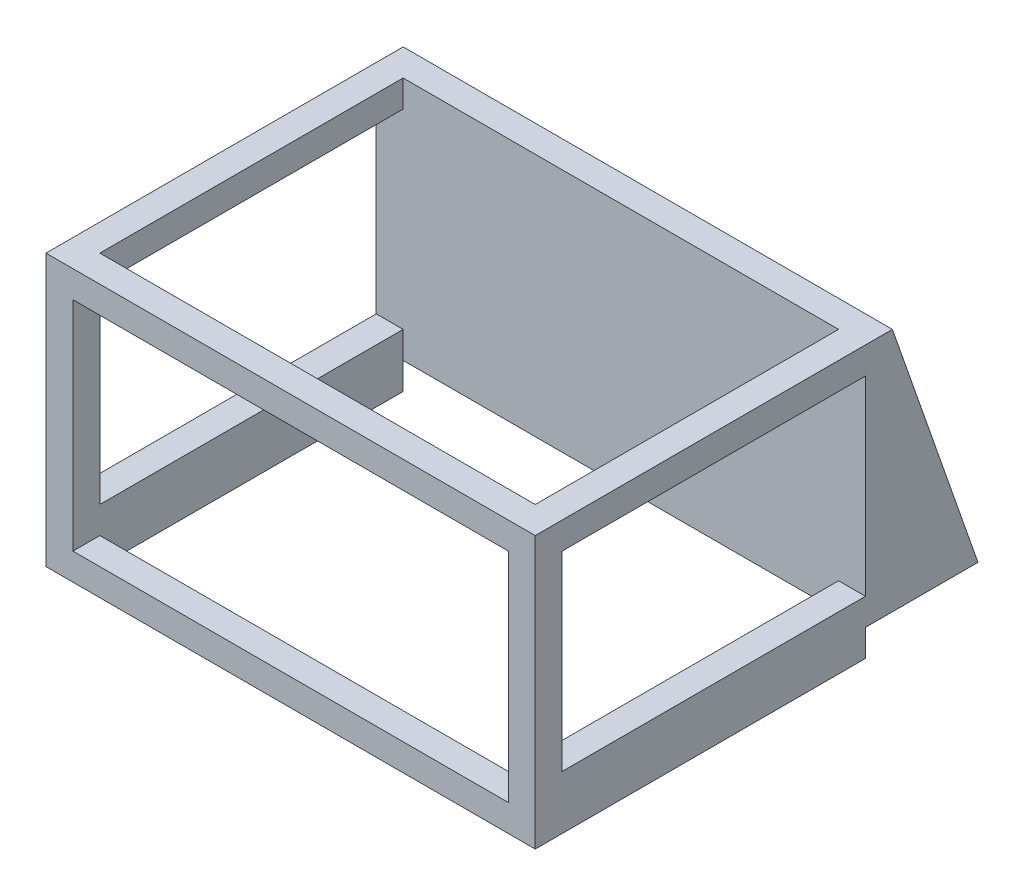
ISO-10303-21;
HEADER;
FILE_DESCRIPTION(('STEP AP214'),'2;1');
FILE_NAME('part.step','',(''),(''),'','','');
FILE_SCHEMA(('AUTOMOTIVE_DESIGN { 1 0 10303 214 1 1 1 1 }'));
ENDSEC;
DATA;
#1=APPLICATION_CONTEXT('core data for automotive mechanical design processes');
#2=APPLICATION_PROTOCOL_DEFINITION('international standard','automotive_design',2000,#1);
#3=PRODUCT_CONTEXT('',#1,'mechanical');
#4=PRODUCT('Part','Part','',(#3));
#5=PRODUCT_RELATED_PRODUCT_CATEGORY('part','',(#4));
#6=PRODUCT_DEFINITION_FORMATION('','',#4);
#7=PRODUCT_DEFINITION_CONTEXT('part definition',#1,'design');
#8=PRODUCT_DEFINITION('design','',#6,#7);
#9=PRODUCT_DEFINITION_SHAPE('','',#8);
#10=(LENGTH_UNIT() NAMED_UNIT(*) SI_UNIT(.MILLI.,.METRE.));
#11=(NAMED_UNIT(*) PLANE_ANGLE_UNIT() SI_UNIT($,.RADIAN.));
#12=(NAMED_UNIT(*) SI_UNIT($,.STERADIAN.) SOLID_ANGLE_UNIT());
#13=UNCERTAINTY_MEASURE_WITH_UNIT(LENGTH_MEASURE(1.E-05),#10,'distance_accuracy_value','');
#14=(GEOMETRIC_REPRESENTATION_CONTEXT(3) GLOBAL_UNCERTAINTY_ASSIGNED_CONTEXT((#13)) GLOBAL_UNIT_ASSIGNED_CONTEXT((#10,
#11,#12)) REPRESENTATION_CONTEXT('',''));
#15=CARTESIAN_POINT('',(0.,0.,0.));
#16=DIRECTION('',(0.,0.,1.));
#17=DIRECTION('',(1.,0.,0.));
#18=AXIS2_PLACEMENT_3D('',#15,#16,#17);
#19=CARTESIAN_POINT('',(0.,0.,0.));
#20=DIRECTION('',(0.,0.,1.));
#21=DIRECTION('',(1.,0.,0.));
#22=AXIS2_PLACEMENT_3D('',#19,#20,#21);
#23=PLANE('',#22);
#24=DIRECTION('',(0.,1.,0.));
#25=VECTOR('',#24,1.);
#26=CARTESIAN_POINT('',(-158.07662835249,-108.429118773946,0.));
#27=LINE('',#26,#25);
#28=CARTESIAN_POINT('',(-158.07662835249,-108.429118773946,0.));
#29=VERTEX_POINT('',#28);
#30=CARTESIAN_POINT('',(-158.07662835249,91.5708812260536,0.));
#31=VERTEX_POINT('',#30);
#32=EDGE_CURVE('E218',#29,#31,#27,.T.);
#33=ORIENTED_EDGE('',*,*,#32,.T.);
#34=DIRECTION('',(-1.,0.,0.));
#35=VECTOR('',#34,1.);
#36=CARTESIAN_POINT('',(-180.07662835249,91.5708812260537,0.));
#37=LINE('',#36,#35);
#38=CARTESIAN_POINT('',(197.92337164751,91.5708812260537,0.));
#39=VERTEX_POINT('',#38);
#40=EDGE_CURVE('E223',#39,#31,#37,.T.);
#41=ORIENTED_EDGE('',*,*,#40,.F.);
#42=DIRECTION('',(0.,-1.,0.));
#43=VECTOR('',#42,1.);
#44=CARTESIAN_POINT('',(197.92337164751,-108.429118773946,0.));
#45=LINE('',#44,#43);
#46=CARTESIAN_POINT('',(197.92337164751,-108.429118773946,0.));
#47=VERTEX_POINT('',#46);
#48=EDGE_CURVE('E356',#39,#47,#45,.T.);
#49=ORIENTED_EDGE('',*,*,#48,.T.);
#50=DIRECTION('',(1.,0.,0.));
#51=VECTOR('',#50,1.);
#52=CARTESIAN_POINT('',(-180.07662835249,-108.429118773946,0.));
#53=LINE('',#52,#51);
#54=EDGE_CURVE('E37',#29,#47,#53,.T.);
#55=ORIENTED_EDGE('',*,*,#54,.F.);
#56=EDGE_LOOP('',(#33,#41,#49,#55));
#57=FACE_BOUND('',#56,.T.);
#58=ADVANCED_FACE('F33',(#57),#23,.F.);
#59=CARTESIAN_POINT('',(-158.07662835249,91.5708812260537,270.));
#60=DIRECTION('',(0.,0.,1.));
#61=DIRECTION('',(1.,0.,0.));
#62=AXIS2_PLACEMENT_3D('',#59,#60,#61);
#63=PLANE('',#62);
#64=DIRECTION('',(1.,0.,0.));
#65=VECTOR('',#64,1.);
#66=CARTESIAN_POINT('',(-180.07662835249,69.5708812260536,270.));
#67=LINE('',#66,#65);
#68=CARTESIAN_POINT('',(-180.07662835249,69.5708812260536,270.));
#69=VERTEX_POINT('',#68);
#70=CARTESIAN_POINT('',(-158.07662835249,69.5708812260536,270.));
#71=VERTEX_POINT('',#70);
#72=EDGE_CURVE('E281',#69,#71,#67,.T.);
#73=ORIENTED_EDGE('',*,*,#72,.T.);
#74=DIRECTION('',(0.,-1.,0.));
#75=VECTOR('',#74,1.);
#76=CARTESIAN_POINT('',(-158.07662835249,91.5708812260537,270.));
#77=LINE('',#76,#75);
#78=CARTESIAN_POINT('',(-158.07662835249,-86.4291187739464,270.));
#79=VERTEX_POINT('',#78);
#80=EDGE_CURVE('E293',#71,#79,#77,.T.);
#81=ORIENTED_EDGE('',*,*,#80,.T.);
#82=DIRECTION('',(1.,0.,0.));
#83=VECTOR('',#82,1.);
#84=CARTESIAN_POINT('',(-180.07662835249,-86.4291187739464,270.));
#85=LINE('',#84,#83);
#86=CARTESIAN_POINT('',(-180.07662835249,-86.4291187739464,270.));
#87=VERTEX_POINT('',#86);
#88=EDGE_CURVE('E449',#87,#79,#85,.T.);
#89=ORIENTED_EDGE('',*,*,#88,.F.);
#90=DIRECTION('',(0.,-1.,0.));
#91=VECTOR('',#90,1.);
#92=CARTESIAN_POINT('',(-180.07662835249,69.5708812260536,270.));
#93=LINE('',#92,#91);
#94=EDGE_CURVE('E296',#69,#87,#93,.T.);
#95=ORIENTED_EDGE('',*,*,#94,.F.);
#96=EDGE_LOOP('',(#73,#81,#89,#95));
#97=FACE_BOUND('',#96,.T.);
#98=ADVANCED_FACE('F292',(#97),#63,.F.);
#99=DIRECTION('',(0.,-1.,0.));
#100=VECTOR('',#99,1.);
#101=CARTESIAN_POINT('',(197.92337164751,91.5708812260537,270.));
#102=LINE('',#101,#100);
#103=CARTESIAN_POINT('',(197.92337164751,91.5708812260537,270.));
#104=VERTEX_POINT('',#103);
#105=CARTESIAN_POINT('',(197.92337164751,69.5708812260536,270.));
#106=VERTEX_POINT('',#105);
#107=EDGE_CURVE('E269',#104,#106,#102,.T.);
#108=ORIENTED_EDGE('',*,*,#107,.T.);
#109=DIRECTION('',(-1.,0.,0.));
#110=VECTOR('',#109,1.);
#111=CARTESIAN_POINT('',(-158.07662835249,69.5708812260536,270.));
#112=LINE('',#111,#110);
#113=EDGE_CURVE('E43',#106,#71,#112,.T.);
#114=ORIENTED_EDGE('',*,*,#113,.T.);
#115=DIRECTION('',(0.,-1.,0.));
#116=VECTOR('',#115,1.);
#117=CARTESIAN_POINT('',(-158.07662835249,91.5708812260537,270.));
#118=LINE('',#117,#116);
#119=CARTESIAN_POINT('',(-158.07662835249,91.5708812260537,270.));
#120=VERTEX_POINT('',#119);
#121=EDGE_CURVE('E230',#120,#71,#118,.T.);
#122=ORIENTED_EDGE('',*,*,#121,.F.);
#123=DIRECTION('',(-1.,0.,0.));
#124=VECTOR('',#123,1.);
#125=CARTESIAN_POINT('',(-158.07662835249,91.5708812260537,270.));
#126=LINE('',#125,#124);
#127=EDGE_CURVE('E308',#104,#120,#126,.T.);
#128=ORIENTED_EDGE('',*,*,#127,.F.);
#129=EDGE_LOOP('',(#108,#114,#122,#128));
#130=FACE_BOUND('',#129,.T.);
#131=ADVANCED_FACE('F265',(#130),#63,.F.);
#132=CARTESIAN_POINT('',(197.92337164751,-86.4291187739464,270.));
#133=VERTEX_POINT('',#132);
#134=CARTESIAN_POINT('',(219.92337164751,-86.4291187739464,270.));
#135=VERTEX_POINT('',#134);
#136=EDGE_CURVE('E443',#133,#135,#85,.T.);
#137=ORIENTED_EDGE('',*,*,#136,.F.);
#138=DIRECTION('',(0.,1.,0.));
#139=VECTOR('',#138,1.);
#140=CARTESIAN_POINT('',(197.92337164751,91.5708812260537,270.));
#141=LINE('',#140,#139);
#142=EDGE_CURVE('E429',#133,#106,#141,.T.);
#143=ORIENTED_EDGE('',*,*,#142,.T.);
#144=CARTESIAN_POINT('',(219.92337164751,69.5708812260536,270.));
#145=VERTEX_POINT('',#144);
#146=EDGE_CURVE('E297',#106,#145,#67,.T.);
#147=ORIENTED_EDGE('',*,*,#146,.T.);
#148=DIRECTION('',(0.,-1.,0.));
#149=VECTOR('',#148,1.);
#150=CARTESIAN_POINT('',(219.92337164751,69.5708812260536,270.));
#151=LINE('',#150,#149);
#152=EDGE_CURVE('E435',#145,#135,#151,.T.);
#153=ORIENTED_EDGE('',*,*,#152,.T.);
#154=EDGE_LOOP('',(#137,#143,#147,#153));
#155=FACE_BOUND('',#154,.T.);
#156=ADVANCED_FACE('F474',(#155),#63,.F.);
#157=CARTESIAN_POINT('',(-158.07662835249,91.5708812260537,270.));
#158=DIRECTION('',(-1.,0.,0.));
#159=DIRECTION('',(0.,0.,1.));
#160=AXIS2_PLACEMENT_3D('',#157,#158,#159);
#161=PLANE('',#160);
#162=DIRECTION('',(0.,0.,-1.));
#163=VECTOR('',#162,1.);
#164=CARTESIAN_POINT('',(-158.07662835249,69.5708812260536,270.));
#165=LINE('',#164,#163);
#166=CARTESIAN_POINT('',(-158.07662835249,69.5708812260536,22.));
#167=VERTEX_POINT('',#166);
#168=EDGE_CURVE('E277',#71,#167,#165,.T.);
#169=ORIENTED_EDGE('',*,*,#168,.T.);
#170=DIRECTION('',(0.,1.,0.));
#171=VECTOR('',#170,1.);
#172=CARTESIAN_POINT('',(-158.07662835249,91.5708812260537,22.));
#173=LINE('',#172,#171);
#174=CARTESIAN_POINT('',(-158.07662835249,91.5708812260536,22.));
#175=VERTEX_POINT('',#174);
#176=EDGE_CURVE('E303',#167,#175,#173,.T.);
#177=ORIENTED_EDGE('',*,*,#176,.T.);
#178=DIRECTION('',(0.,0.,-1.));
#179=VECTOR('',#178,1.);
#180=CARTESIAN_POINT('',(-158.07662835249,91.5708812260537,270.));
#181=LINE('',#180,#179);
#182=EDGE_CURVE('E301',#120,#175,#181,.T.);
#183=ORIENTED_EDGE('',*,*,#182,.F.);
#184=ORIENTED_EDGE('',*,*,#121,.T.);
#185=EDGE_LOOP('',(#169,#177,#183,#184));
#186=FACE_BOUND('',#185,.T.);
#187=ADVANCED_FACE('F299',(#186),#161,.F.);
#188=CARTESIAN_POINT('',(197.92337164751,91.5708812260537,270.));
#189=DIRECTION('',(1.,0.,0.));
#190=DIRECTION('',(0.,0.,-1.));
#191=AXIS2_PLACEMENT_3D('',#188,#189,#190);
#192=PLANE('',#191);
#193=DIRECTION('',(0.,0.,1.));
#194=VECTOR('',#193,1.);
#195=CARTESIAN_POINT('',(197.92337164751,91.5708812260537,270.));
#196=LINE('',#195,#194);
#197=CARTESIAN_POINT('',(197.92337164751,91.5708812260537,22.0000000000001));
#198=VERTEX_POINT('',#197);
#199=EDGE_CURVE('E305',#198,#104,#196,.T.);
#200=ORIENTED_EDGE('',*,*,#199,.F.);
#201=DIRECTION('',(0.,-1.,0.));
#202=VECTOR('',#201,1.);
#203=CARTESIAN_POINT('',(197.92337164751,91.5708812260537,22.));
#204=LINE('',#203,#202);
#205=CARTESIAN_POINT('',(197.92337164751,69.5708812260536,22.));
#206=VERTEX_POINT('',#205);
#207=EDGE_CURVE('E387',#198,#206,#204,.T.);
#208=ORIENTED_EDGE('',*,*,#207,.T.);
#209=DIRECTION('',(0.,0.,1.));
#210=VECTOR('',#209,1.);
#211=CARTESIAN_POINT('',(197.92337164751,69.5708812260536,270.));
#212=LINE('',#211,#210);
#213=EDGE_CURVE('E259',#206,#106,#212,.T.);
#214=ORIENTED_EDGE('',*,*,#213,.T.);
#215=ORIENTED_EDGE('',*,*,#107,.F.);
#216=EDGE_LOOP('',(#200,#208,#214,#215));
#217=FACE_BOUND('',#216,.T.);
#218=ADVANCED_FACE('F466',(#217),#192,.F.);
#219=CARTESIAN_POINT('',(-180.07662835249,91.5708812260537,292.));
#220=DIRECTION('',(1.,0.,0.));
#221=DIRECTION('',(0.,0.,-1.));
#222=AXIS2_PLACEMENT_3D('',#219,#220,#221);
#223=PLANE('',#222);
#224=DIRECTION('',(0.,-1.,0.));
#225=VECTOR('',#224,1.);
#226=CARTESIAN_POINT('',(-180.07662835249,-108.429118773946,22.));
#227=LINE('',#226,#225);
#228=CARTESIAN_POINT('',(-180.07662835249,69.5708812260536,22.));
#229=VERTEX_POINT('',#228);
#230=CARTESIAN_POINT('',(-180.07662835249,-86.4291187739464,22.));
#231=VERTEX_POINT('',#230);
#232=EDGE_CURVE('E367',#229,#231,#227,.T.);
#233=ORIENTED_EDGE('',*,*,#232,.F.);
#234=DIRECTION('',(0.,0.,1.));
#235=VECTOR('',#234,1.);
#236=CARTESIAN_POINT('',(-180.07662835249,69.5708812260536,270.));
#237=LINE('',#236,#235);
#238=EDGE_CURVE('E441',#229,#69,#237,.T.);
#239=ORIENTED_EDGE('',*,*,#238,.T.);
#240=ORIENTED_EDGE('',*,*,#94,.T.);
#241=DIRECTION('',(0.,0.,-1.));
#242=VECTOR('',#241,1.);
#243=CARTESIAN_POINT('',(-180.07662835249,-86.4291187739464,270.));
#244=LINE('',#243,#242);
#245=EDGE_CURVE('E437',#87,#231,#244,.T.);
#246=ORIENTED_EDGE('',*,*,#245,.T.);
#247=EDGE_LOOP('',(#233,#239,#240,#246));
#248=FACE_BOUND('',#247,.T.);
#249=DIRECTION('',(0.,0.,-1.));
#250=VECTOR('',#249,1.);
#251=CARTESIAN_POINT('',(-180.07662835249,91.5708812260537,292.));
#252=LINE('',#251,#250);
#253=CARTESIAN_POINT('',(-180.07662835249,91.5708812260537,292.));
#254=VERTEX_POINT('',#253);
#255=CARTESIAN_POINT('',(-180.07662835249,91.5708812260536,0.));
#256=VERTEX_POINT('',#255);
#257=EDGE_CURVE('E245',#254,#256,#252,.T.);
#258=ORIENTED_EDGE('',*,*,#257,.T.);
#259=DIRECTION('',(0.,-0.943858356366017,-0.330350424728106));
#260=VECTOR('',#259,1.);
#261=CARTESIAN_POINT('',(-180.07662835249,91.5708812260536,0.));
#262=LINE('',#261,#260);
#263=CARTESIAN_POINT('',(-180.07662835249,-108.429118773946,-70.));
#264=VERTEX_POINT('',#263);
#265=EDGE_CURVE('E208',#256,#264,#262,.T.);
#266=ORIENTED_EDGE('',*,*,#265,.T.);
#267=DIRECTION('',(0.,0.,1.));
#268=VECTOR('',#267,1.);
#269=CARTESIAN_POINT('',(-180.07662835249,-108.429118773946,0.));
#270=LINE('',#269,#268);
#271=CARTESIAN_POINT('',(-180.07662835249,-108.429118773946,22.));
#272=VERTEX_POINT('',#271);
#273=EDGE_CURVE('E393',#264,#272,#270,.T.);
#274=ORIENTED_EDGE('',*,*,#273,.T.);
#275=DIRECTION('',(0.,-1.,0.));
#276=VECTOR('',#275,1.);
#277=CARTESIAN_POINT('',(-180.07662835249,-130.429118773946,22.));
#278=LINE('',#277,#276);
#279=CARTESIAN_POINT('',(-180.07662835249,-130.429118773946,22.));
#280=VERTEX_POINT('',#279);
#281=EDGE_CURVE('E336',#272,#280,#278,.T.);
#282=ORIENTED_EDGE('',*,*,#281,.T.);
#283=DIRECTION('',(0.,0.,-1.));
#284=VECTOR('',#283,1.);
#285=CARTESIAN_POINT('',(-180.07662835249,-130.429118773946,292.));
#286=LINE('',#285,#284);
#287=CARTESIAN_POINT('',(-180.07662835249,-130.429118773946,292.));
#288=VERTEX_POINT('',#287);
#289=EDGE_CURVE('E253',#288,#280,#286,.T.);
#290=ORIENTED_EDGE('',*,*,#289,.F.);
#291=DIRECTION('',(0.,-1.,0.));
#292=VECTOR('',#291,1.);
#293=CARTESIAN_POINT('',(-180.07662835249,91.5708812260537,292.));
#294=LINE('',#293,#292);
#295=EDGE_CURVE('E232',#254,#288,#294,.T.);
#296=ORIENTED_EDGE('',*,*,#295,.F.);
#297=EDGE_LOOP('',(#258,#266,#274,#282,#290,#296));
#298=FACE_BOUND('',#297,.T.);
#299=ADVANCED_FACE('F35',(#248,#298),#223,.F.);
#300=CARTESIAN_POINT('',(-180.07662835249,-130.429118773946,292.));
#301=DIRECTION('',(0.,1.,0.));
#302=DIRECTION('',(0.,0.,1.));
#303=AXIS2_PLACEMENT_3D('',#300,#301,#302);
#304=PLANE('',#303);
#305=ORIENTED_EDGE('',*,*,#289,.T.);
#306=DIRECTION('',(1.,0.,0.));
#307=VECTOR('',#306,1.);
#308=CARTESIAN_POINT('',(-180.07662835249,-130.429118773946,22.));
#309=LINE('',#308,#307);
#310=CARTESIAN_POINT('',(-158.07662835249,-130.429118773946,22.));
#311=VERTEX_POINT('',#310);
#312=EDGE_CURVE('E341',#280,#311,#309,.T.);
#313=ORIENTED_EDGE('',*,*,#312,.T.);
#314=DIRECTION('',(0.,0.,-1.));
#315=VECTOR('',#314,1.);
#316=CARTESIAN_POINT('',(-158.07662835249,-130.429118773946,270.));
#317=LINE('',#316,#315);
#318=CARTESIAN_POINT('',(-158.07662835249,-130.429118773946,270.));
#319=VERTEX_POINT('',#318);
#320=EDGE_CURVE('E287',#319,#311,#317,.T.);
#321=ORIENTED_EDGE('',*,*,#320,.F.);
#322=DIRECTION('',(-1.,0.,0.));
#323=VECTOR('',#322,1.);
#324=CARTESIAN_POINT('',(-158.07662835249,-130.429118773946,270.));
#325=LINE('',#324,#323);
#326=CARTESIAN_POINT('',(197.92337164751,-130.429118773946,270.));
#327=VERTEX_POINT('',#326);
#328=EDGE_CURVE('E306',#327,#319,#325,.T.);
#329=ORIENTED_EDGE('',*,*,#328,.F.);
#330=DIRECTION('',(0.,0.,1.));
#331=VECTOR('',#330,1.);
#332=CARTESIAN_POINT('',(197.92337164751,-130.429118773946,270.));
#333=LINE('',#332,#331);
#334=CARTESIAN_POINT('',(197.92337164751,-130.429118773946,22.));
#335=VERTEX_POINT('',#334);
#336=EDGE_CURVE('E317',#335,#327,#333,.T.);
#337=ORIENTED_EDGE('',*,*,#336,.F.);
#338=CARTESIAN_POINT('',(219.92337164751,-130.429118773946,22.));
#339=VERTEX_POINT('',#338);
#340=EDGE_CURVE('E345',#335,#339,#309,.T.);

########

> **Task statement**
Beginning at the line above with "#75=VECTOR('',#74,1.);" and finishing at the line with "#113=EDGE_CURVE('E43',#106,#71,#112,.T.);", return each line exactly and return nothing else.

> **Reply**
#75=VECTOR('',#74,1.);
#76=CARTESIAN_POINT('',(-158.07662835249,91.5708812260537,270.));
#77=LINE('',#76,#75);
#78=CARTESIAN_POINT('',(-158.07662835249,-86.4291187739464,270.));
#79=VERTEX_POINT('',#78);
#80=EDGE_CURVE('E293',#71,#79,#77,.T.);
#81=ORIENTED_EDGE('',*,*,#80,.T.);
#82=DIRECTION('',(1.,0.,0.));
#83=VECTOR('',#82,1.);
#84=CARTESIAN_POINT('',(-180.07662835249,-86.4291187739464,270.));
#85=LINE('',#84,#83);
#86=CARTESIAN_POINT('',(-180.07662835249,-86.4291187739464,270.));
#87=VERTEX_POINT('',#86);
#88=EDGE_CURVE('E449',#87,#79,#85,.T.);
#89=ORIENTED_EDGE('',*,*,#88,.F.);
#90=DIRECTION('',(0.,-1.,0.));
#91=VECTOR('',#90,1.);
#92=CARTESIAN_POINT('',(-180.07662835249,69.5708812260536,270.));
#93=LINE('',#92,#91);
#94=EDGE_CURVE('E296',#69,#87,#93,.T.);
#95=ORIENTED_EDGE('',*,*,#94,.F.);
#96=EDGE_LOOP('',(#73,#81,#89,#95));
#97=FACE_BOUND('',#96,.T.);
#98=ADVANCED_FACE('F292',(#97),#63,.F.);
#99=DIRECTION('',(0.,-1.,0.));
#100=VECTOR('',#99,1.);
#101=CARTESIAN_POINT('',(197.92337164751,91.5708812260537,270.));
#102=LINE('',#101,#100);
#103=CARTESIAN_POINT('',(197.92337164751,91.5708812260537,270.));
#104=VERTEX_POINT('',#103);
#105=CARTESIAN_POINT('',(197.92337164751,69.5708812260536,270.));
#106=VERTEX_POINT('',#105);
#107=EDGE_CURVE('E269',#104,#106,#102,.T.);
#108=ORIENTED_EDGE('',*,*,#107,.T.);
#109=DIRECTION('',(-1.,0.,0.));
#110=VECTOR('',#109,1.);
#111=CARTESIAN_POINT('',(-158.07662835249,69.5708812260536,270.));
#112=LINE('',#111,#110);
#113=EDGE_CURVE('E43',#106,#71,#112,.T.);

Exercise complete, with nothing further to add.